Returns orthographic neighbourhood count (Coltheart I<N>) within the SUBTLEX corpus. Called in array context, also returns a reference to an array of the neighbours retrieved, if any.

=cut

sub on_count {
    my ( $self, %args ) = @_;
    croak 'No words to test' if !$args{'string'};
    my $word = lc( $args{'string'} );
    require Lingua::Orthon;
    my $ortho = Lingua::Orthon->new();
    my ( $z, @orthons ) = (0);
    open my $fh, q{<}, $self->{'path'} or die "$!\n";
    while (<$fh>) {
        next if $. == 1;    # skip column heading line
        /^([^,]+)/sxm or next;
        my $test = lc($1);
        if ( $ortho->are_orthons( $word, $test ) ) {
            push @orthons, $test;
            $z++;
        }
    }
    close $fh;
    return wantarray ? ( $z, \@orthons ) : $z;
}

=head3 on_freq_max

 $m = $subtlex->on_freq_max(string => $letters);

Returns the maximum SUBTLEX frequency per million among the orthographic neighbours (per Coltheart I<N>) of a particular letter-string. If (unusually) all the frequencies are the same, then that value is returned. If the string has no (Coltheart-type) neighbours, undef is returned.

=cut

sub on_freq_max {
    my ( $self, %args ) = @_;
    croak 'No words to test' if !$args{'string'};
    my $frq_aref = _get_orthon_f( $args{'string'}, $self->{'path'}, 5 );
    return scalar @{$frq_aref} ? max( @{$frq_aref} ) : undef;
}

=head3 on_freq_mean

 $m = $subtlex->on_freq_mean(string => $letters);

Returns the mean SUBTLEX frequencies per million of the orthographic neighbours (per Coltheart I<N>) of a particular letter-string.

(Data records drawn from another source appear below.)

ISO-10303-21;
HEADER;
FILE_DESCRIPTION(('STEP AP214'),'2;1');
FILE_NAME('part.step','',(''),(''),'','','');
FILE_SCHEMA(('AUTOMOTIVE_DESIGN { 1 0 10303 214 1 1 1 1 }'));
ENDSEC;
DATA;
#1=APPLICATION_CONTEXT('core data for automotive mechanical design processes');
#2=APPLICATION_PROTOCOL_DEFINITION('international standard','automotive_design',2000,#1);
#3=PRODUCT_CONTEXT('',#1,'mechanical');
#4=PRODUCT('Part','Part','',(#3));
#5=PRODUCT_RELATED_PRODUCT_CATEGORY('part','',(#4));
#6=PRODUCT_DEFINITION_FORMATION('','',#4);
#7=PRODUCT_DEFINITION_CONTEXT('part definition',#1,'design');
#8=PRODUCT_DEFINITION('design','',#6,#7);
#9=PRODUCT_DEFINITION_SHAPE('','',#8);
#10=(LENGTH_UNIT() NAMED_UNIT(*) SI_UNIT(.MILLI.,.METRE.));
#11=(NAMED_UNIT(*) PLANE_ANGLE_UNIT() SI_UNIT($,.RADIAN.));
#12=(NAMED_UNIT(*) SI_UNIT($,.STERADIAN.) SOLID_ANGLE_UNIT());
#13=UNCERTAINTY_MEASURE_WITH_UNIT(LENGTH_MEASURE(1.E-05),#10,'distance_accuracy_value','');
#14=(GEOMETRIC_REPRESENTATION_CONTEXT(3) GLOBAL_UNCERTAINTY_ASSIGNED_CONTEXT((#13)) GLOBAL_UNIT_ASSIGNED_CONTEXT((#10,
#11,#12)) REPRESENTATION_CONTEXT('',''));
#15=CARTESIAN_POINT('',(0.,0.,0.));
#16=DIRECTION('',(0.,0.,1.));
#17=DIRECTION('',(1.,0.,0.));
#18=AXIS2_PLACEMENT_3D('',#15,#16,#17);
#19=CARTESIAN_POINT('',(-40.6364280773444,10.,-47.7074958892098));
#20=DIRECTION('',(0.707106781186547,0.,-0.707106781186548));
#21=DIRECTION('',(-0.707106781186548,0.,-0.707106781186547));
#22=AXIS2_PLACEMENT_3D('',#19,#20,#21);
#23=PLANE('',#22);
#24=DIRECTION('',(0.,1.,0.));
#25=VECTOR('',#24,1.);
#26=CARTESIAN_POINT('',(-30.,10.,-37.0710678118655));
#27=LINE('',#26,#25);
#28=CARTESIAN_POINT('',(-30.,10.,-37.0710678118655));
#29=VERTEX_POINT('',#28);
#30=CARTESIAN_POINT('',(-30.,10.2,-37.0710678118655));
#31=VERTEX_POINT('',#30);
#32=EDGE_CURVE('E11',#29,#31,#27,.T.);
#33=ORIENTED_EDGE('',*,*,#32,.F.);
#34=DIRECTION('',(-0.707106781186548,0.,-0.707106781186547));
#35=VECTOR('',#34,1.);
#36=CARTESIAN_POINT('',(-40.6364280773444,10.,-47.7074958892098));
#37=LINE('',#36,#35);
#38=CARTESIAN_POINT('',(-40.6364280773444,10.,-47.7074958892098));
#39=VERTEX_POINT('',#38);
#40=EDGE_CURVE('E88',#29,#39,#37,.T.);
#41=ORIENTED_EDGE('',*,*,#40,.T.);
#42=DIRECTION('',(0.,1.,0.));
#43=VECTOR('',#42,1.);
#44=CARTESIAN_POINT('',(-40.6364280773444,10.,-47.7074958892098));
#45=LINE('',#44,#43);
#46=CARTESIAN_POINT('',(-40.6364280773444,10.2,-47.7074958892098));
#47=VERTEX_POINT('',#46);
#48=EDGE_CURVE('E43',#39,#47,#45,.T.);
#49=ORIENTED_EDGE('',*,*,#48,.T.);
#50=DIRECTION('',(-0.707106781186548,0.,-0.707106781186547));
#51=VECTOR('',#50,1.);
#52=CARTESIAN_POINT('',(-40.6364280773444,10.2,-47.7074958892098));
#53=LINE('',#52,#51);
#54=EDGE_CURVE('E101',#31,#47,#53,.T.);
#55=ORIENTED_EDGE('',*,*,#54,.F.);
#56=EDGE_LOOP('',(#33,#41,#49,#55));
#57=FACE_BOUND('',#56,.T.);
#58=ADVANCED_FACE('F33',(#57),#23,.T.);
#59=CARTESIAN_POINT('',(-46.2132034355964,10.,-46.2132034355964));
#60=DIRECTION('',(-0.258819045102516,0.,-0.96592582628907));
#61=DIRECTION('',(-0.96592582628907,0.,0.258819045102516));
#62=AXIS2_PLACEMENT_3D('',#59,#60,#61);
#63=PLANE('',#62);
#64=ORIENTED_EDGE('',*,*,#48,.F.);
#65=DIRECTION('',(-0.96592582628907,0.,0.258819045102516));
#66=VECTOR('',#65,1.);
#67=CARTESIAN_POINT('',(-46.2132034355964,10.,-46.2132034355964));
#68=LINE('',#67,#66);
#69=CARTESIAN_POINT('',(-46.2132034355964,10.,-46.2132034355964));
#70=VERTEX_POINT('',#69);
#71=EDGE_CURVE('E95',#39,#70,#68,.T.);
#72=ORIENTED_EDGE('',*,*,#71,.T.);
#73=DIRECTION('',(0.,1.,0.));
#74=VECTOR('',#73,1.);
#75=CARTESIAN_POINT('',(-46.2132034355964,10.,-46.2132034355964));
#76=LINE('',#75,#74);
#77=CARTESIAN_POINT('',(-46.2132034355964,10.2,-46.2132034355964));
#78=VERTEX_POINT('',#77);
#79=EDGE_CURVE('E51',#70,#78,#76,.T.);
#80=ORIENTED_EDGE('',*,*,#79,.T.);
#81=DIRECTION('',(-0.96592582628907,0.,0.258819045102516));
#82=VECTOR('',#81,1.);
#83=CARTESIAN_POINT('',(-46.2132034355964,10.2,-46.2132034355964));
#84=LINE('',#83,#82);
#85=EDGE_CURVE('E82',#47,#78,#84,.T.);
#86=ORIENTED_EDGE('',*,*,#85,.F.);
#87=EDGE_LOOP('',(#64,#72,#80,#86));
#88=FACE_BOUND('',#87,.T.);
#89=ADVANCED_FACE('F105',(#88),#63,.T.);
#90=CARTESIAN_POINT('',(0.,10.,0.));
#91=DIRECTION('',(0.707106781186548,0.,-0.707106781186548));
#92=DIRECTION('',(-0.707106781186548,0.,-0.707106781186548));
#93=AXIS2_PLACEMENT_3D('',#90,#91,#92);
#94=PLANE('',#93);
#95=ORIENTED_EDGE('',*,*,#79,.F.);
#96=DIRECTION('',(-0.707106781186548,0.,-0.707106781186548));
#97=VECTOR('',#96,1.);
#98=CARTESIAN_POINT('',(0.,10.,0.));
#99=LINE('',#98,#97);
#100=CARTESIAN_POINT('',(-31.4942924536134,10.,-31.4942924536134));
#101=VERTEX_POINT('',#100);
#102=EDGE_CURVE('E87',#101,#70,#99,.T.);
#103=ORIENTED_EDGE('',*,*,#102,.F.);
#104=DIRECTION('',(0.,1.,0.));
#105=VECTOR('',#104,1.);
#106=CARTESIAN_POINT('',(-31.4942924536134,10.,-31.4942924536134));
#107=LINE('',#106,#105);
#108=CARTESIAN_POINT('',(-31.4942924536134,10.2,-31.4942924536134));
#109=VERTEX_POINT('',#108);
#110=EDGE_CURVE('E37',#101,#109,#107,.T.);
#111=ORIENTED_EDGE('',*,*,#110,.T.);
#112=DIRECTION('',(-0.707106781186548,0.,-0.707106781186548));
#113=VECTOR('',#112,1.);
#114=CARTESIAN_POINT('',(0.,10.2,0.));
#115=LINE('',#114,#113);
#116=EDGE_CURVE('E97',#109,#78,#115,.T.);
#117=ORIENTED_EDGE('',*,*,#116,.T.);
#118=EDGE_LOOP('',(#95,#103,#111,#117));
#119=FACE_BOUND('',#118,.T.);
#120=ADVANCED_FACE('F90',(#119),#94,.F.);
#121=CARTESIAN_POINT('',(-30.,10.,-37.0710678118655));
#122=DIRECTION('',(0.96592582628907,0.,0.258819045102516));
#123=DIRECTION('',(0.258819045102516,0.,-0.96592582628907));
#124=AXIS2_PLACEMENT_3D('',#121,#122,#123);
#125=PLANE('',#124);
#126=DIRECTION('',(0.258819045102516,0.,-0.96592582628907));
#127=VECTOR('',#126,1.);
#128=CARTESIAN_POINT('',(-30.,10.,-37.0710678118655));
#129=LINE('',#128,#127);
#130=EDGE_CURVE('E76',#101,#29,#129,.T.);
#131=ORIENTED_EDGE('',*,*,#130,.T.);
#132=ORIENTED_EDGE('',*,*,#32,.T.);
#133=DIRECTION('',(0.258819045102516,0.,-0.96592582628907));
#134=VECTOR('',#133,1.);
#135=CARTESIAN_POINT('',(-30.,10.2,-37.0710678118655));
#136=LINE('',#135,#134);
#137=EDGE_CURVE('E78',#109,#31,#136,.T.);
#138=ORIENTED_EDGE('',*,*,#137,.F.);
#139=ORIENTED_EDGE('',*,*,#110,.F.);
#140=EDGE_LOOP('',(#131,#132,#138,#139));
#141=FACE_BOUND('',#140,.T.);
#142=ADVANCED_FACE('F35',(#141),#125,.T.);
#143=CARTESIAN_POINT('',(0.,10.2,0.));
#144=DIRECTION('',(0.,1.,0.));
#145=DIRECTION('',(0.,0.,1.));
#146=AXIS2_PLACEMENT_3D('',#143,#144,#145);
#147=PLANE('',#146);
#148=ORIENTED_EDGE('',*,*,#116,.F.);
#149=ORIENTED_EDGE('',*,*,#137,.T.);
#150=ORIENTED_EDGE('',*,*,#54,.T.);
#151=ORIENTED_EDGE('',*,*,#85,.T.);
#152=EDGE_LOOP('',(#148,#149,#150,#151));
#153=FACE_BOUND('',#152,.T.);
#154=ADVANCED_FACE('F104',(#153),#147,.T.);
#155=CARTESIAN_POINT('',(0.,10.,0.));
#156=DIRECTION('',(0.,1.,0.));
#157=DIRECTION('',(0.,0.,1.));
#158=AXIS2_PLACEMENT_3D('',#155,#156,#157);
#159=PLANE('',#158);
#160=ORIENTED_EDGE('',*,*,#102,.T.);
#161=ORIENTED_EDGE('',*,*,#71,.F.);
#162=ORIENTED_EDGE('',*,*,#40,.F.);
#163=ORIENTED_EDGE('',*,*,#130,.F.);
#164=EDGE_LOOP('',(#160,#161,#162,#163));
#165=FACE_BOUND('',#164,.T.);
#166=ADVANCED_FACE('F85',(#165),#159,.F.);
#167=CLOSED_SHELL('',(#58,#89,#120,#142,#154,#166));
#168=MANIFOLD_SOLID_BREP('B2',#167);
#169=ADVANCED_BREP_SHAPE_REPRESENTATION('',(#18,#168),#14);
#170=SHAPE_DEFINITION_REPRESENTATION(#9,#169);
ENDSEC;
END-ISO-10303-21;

If the string has no (Coltheart-type) neighbours, undef is returned. 

=cut

sub on_freq_mean {
    my ( $self, %args ) = @_;
    croak 'No words to test' if !$args{'string'};
    my $frq_aref = _get_orthon_f( $args{'string'}, $self->{'path'}, 5 );
    return scalar @{$frq_aref} ? mean( @{$frq_aref} ) : undef;
}

=head3 on_lfreq_mean

 $m = $subtlex->on_lfreq_mean(string => $letters);

Returns the mean log of SUBTLEX frequencies of the orthographic neighbours (per Coltheart I<N>) of a particular letter-string. If the string has no  (Coltheart-type) neighbours, undef is returned.

=cut

sub on_lfreq_mean {
    my ( $self, %args ) = @_;
    croak 'No words to test' if !$args{'string'};
    my $frq_aref = _get_orthon_f( $args{'string'}, $self->{'path'}, 6 );
    return scalar @{$frq_aref} ? mean( @{$frq_aref} ) : undef;
}

=head3 on_zipf_mean

 $m = $subtlex->on_zipf_mean(string => $letters);

Returns the mean zipf of SUBTLEX frequencies of the orthographic neighbours (per Coltheart I<N>) of a given letter-string. If the string has no (Coltheart-type) <b></b>neighbours, undef is returned.

=cut

sub on_zipf_mean {
    my ( $self, %args ) = @_;
    croak 'No words to test' if !$args{'string'};
    my $frq_aref = _get_orthon_f( $args{'string'}, $self->{'path'}, 14 );
    return scalar @{$frq_aref} ? mean( @{$frq_aref} ) : undef;
}

=head3 on_ldist

 $m = $subtlex->on_ldist(string => $letters, lim => 20);

I<Alias>: ldist

Returns the mean L<Levenshtein Distance|http://www.let.rug.nl/%7Ekleiweg/lev/levenshtein.html> from a letter-string to its B<lim> closest orthographic neighbours. The default B<lim>it is 20, as defined in Yarkoni et al. (2008). The module uses the matrix-based calculation of Levenshtein Distance as implemented in this author's L<Lingua::Orthon|Lingua::Orthon> module. No defined value is returned if no Levenshtein Distance is found (whereas zero would connote "identical to everything").

=cut

sub on_ldist {
    my ( $self, %args ) = @_;
    croak 'No words to test' if !$args{'string'};
    $args{'lim'} ||= 20;
    return _get_orthon_ldist( $args{'string'}, $self->{'path'}, $args{'lim'} );
}
*ldist = \&on_ldist;

=head2 Retrieving letter-strings/words

=head3 list_strings

 $aref = $subtlex->list_words(freq => [1, 20], onc => [0, 3], length => [4, 4], cv_pattern => 'CVCV', regex => '^f');
 $aref = $subtlex->list_words(zipf => [0, 2], onc => [0, 3], length => [4, 4], cv_pattern => 'CVCV', regex => '^f');

I<Alias>: list_words

Returns a list of words from the SUBTLEX corpus that satisfies certain criteria: minimum and/or maximum letter-length (specified by the named argument B<length>), minimum and/or maximum frequency (argument B<freq>) or zip-frequency (argument B<zipf>), minimum and/or maximum orthographic neighbourhood count (argument B<onc>), a consonant-vowel pattern (argument B<cv_pattern>), or a specific regular expression (argument B<regex>).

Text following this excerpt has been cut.